You know what? No. I am sick and tired of being told that what I want and need from my comics comes second to what men want to read. I have been a fan of comics for almost my entire life. I’ve paid my money for not only the books themselves, but the movies, the toys, the clothes. I’ve spent hours reading comics, discussing comics, loving comics. Why on Earth is my opinion and what I want to see in comics so much less valuable than someone else’s? Just because I was born with a different set of reproductive organs, I have to be passive in what I read, while a certain sector of men get to be catered to? That’s bullshit, plain and simple, and I am not okay with it.
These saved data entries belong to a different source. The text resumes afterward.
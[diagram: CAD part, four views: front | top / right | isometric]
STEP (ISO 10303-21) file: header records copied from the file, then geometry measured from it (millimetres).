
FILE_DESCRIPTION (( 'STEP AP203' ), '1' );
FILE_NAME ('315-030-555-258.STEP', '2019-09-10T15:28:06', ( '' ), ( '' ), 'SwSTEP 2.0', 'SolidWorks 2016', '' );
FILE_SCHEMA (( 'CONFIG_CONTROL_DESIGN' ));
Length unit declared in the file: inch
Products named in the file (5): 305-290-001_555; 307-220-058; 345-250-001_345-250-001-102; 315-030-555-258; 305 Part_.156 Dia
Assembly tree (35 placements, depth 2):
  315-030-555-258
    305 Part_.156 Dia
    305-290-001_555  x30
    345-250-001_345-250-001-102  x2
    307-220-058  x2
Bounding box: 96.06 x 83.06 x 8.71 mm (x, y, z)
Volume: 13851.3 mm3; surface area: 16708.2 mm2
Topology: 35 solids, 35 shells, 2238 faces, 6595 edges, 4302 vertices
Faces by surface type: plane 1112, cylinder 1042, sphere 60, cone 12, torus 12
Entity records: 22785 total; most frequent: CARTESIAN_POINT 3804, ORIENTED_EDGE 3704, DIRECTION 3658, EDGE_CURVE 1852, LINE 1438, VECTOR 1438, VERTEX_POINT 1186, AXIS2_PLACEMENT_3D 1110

Yeah, this is the Twenty-First Century, and I am liberated with a mind and voice of my own, and I’m not just going to sit down, shut up, and be reduced to my parts because hey, comics are really for boys.
- via MichelleLee.net, “Dear DC Comics,”, 9/24/11, by Michelle Lee (who gave the Starfire comic to her 7-year-old to look at the pictures and determine what she thought about them):
See, it’s not about what they’re wearing, though that can influence things. What makes a hero is WHO they are, the choices they make and the things they do. If my 7 year old can tell what you’ve done from looking at the pictures (there is no way I’m going to let her in on the whole emotionless random, amnesiac sex plot line) why can’t you see the problem here?
If this is your attempt at being edgy and reaching out the huge female comic audience out here then I look forward to when this crap collapses around you so someone who gets it can take your place. We’re looking for good stories and great heroes. This just isn’t it.
So what did DC have to say in response to these statements? According to DigitalSpy, they stuck to their guns and gestured towards the comics’ ratings in their defense:
“We’ve heard what’s being said about Starfire today and we appreciate the dialogue on this topic,” DC wrote on Twitter. “We encourage people to pay attention to the ratings when picking out any books to read themselves or for their children.”
Furthermore, in specific response to Michelle Lee’s blog post involving her young daughter, DigitalSpy reported DC as saying “Red Hood and the Outlaws #1 is rated ‘T’ for teen, meaning it is aimed at readers over 12 and ‘may contain mild violence, language and/or suggestive themes’.”
The author of Catwoman #1, Judd Winick, also sprang to the comic’s defense, asserting that “this is a Catwoman for 2011, and my approach to her character and actions reflect someone who lives in our times. And wears a cat suit. And steals. It’s a tale that is part crime story, part mystery and part romance.” (via DigitalSpy, again)
Hmm. Perhaps it’s just me, or does DC seem to be willfully missing the point? Regardless of individual comic ratings, this kind of hypersexed, vapid femininity does not fly with a large percentage of readers – across the boundaries of age AND sex. If a reboot is what they’re after, ostensibly to appeal to a new generation of readers across multiple new demographics, it seems that this isn’t the best bet. Clearly, any response from DC will have been carefully crafted by its legal team, worded to respond as blandly as possible without taking any sides, but even still, one might have hoped for a bit more from DC when coming up with these concepts in the first place.